## Records shown
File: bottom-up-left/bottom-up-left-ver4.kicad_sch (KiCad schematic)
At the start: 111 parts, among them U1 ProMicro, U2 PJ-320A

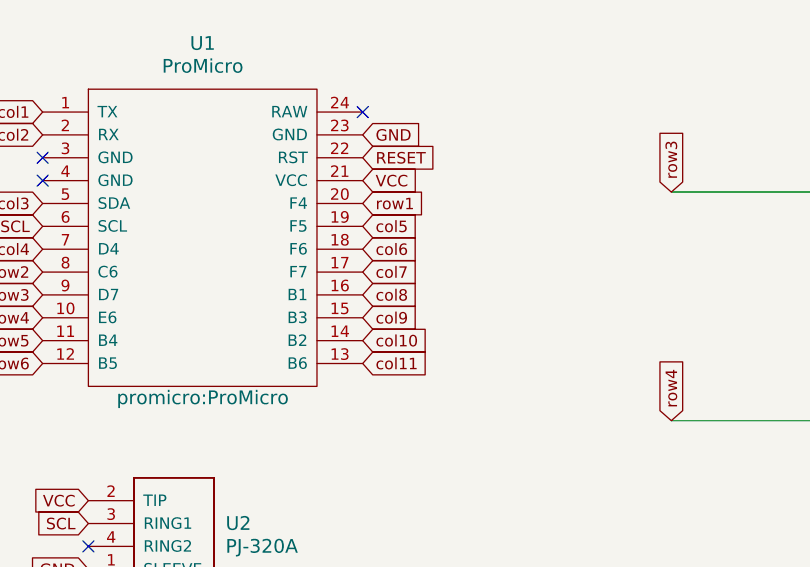
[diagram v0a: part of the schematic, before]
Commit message: Fix: relocated left PCB wire more tight
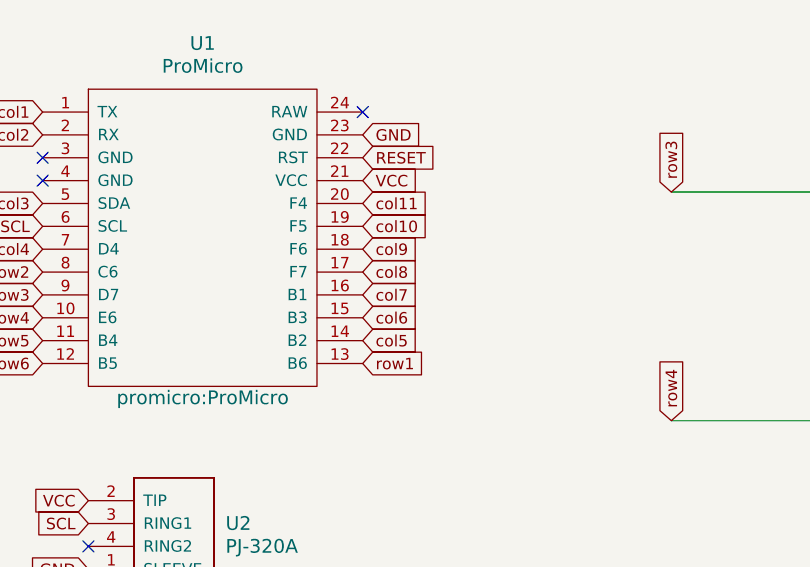
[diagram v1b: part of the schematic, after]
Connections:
- net col10: now also U1.19 (F5); no longer U1.14 (B2)
- net col11: now also U1.20 (F4); no longer U1.13 (B6)
- net col5: now also U1.14 (B2); no longer U1.19 (F5)
- net col6: now also U1.15 (B3); no longer U1.18 (F6)
- net col7: now also U1.16 (B1); no longer U1.17 (F7)
- net col8: now also U1.17 (F7); no longer U1.16 (B1)
- net col9: now also U1.18 (F6); no longer U1.15 (B3)
- net row1: now also U1.13 (B6); no longer U1.20 (F4)
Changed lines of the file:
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@@
     )
   )
-  (global_label "col7" (shape input) (at 87.63 158.75 0) (fields_autoplaced)
+  (global_label "col7" (shape input) (at 87.63 161.29 0) (fields_autoplaced)
+    (effects (font (size 1.27 1.27)) (justify left))
+    (property "Intersheetrefs" "${INTERSHEET_REFS}" (at 94.6481 161.29 0)
+      (effects (font (size 1.27 1.27)) (justify left) hide)
+    )
+  )
+  (global_label "GND" (shape input) (at 68.58 209.55 0)
+    (effects (font (size 1.27 1.27)) (justify left))
+    (property "Intersheetrefs" "${INTERSHEET_REFS}" (at 68.58 209.55 0)
+      (effects (font (size 1.27 1.27)) hide)
+    )
+  )
+  (global_label "SCL" (shape input) (at 52.07 153.67 180)
+    (effects (font (size 1.27 1.27)) (justify right))
+    (property "Intersheetrefs" "${INTERSHEET_REFS}" (at 52.07 153.67 0)
+      (effects (font (size 1.27 1.27)) hide)
+    )
+  )
+  (global_label "row3" (shape input) (at 52.07 161.29 180)
+    (effects (font (size 1.27 1.27)) (justify right))
+    (property "Intersheetrefs" "${INTERSHEET_REFS}" (at 52.07 161.29 0)
+      (effects (font (size 1.27 1.27)) hide)
+    )
+  )
+  (global_label "col5" (shape input) (at 87.63 166.37 0) (fields_autoplaced)
+    (effects (font (size 1.27 1.27)) (justify left))
+    (property "Intersheetrefs" "${INTERSHEET_REFS}" (at 94.6481 166.37 0)
+      (effects (font (size 1.27 1.27)) (justify left) hide)
+    )
+  )
+  (global_label "col9" (shape input) (at 287.02 60.96 0) (fields_autoplaced)
+    (effects (font (size 1.27 1.27)) (justify left))
+    (property "Intersheetrefs" "${INTERSHEET_REFS}" (at 294.0381 60.96 0)
+      (effects (font (size 1.27 1.27)) (justify left) hide)
+    )
+  )
+  (global_label "row3" (shape input) (at 121.92 149.86 90)
+    (effects (font (size 1.27 1.27)) (justify left))
+    (property "Intersheetrefs" "${INTERSHEET_REFS}" (at 121.92 149.86 0)
+      (effects (font (size 1.27 1.27)) hide)
+    )
+  )
+  (global_label "row1" (shape input) (at 87.63 168.91 0)
+    (effects (font (size 1.27 1.27)) (justify left))
+    (property "Intersheetrefs" "${INTERSHEET_REFS}" (at 87.63 168.91 0)
+      (effects (font (size 1.27 1.27)) hide)
+    )
+  )
+  (global_label "col7" (shape input) (at 261.62 60.96 0) (fields_autoplaced)
+    (effects (font (size 1.27 1.27)) (justify left))
+    (property "Intersheetrefs" "${INTERSHEET_REFS}" (at 268.6381 60.96 0)
+      (effects (font (size 1.27 1.27)) (justify left) hide)
+    )
+  )
+  (global_label "col8" (shape input) (at 274.32 60.96 0) (fields_autoplaced)
+    (effects (font (size 1.27 1.27)) (justify left))
+    (property "Intersheetrefs" "${INTERSHEET_REFS}" (at 281.3381 60.96 0)
+      (effects (font (size 1.27 1.27)) (justify left) hide)
+    )
+  )
+  (global_label "col10" (shape input) (at 299.72 60.96 0) (fields_autoplaced)
+    (effects (font (size 1.27 1.27)) (justify left))
+    (property "Intersheetrefs" "${INTERSHEET_REFS}" (at 307.9476 60.96 0)
+      (effects (font (size 1.27 1.27)) (justify left) hide)
+    )
+  )
+  (global_label "GND" (shape input) (at 87.63 143.51 0)
+    (effects (font (size 1.27 1.27)) (justify left))
+    (property "Intersheetrefs" "${INTERSHEET_REFS}" (at 87.63 143.51 0)
+      (effects (font (size 1.27 1.27)) hide)
+    )
+  )
+  (global_label "col8" (shape input) (at 87.63 158.75 0) (fields_autoplaced)
     (effects (font (size 1.27 1.27)) (justify left))
     (property "Intersheetrefs" "${INTERSHEET_REFS}" (at 94.6481 158.75 0)
@@
     )
   )
-  (global_label "GND" (shape input) (at 68.58 209.55 0)
-    (effects (font (size 1.27 1.27)) (justify left))
-    (property "Intersheetrefs" "${INTERSHEET_REFS}" (at 68.58 209.55 0)
-      (effects (font (size 1.27 1.27)) hide)
-    )
-  )
-  (global_label "SCL" (shape input) (at 52.07 153.67 180)
-    (effects (font (size 1.27 1.27)) (justify right))
-    (property "Intersheetrefs" "${INTERSHEET_REFS}" (at 52.07 153.67 0)
-      (effects (font (size 1.27 1.27)) hide)
-    )
-  )
-  (global_label "row3" (shape input) (at 52.07 161.29 180)
-    (effects (font (size 1.27 1.27)) (justify right))
-    (property "Intersheetrefs" "${INTERSHEET_REFS}" (at 52.07 161.29 0)
-      (effects (font (size 1.27 1.27)) hide)
-    )
-  )
-  (global_label "col5" (shape input) (at 87.63 153.67 0) (fields_autoplaced)
-    (effects (font (size 1.27 1.27)) (justify left))
-    (property "Intersheetrefs" "${INTERSHEET_REFS}" (at 94.6481 153.67 0)
-      (effects (font (size 1.27 1.27)) (justify left) hide)
-    )
-  )
-  (global_label "col9" (shape input) (at 287.02 60.96 0) (fields_autoplaced)
-    (effects (font (size 1.27 1.27)) (justify left))
-    (property "Intersheetrefs" "${INTERSHEET_REFS}" (at 294.0381 60.96 0)
-      (effects (font (size 1.27 1.27)) (justify left) hide)
-    )
-  )
-  (global_label "row3" (shape input) (at 121.92 149.86 90)
-    (effects (font (size 1.27 1.27)) (justify left))
-    (property "Intersheetrefs" "${INTERSHEET_REFS}" (at 121.92 149.86 0)
-      (effects (font (size 1.27 1.27)) hide)
-    )
-  )
-  (global_label "row1" (shape input) (at 87.63 151.13 0)
-    (effects (font (size 1.27 1.27)) (justify left))
-    (property "Intersheetrefs" "${INTERSHEET_REFS}" (at 87.63 151.13 0)
-      (effects (font (size 1.27 1.27)) hide)
-    )
-  )
-  (global_label "col7" (shape input) (at 261.62 60.96 0) (fields_autoplaced)
-    (effects (font (size 1.27 1.27)) (justify left))
-    (property "Intersheetrefs" "${INTERSHEET_REFS}" (at 268.6381 60.96 0)
-      (effects (font (size 1.27 1.27)) (justify left) hide)
-    )
-  )
-  (global_label "col8" (shape input) (at 274.32 60.96 0) (fields_autoplaced)
-    (effects (font (size 1.27 1.27)) (justify left))
-    (property "Intersheetrefs" "${INTERSHEET_REFS}" (at 281.3381 60.96 0)
-      (effects (font (size 1.27 1.27)) (justify left) hide)
-    )
-  )
-  (global_label "col10" (shape input) (at 299.72 60.96 0) (fields_autoplaced)
-    (effects (font (size 1.27 1.27)) (justify left))
-    (property "Intersheetrefs" "${INTERSHEET_REFS}" (at 307.9476 60.96 0)
-      (effects (font (size 1.27 1.27)) (justify left) hide)
-    )
-  )
-  (global_label "GND" (shape input) (at 87.63 143.51 0)
-    (effects (font (size 1.27 1.27)) (justify left))
-    (property "Intersheetrefs" "${INTERSHEET_REFS}" (at 87.63 143.51 0)
-      (effects (font (size 1.27 1.27)) hide)
-    )
-  )
-  (global_label "col8" (shape input) (at 87.63 161.29 0) (fields_autoplaced)
-    (effects (font (size 1.27 1.27)) (justify left))
-    (property "Intersheetrefs" "${INTERSHEET_REFS}" (at 94.6481 161.29 0)
-      (effects (font (size 1.27 1.27)) (justify left) hide)
-    )
-  )
   (global_label "row2" (shape input) (at 121.92 124.46 90)
     (effects (font (size 1.27 1.27)) (justify left))
@@
     )
   )
-  (global_label "col6" (shape input) (at 87.63 156.21 0) (fields_autoplaced)
-    (effects (font (size 1.27 1.27)) (justify left))
-    (property "Intersheetrefs" "${INTERSHEET_REFS}" (at 94.6481 156.21 0)
+  (global_label "col6" (shape input) (at 87.63 163.83 0) (fields_autoplaced)
+    (effects (font (size 1.27 1.27)) (justify left))
+    (property "Intersheetrefs" "${INTERSHEET_REFS}" (at 94.6481 163.83 0)
       (effects (font (size 1.27 1.27)) (justify left) hide)
     )
@@
     )
   )
-  (global_label "col9" (shape input) (at 87.63 163.83 0) (fields_autoplaced)
-    (effects (font (size 1.27 1.27)) (justify left))
-    (property "Intersheetrefs" "${INTERSHEET_REFS}" (at 94.6481 163.83 0)
+  (global_label "col9" (shape input) (at 87.63 156.21 0) (fields_autoplaced)
+    (effects (font (size 1.27 1.27)) (justify left))
+    (property "Intersheetrefs" "${INTERSHEET_REFS}" (at 94.6481 156.21 0)
       (effects (font (size 1.27 1.27)) (justify left) hide)
     )
@@
     )
   )
-  (global_label "col11" (shape input) (at 87.63 168.91 0) (fields_autoplaced)
-    (effects (font (size 1.27 1.27)) (justify left))
-    (property "Intersheetrefs" "${INTERSHEET_REFS}" (at 95.8576 168.91 0)
+  (global_label "col11" (shape input) (at 87.63 151.13 0) (fields_autoplaced)
+    (effects (font (size 1.27 1.27)) (justify left))
+    (property "Intersheetrefs" "${INTERSHEET_REFS}" (at 95.8576 151.13 0)
       (effects (font (size 1.27 1.27)) (justify left) hide)
     )
@@
     )
   )
-  (global_label "col10" (shape input) (at 87.63 166.37 0) (fields_autoplaced)
-    (effects (font (size 1.27 1.27)) (justify left))
-    (property "Intersheetrefs" "${INTERSHEET_REFS}" (at 95.8576 166.37 0)
-      (effects (font (size 1.27 1.27)) (justify left) hide)
-    )
+  (global_label "col10" (shape input) (at 87.63 153.67 0) (fields_autoplaced)
+    (effects (font (size 1.27 1.27)) (justify left))
+    (property "Intersheetrefs" "${INTERSHEET_REFS}" (at 95.8576 153.67 0)
+      (effects (font (size 1.27 1.27)) (justify left) hide)
+    )

## Task details
Copy every line of the data that holds the string "diagram".

## Task result
[diagram v0a: part of the schematic, before]
[diagram v1b: part of the schematic, after]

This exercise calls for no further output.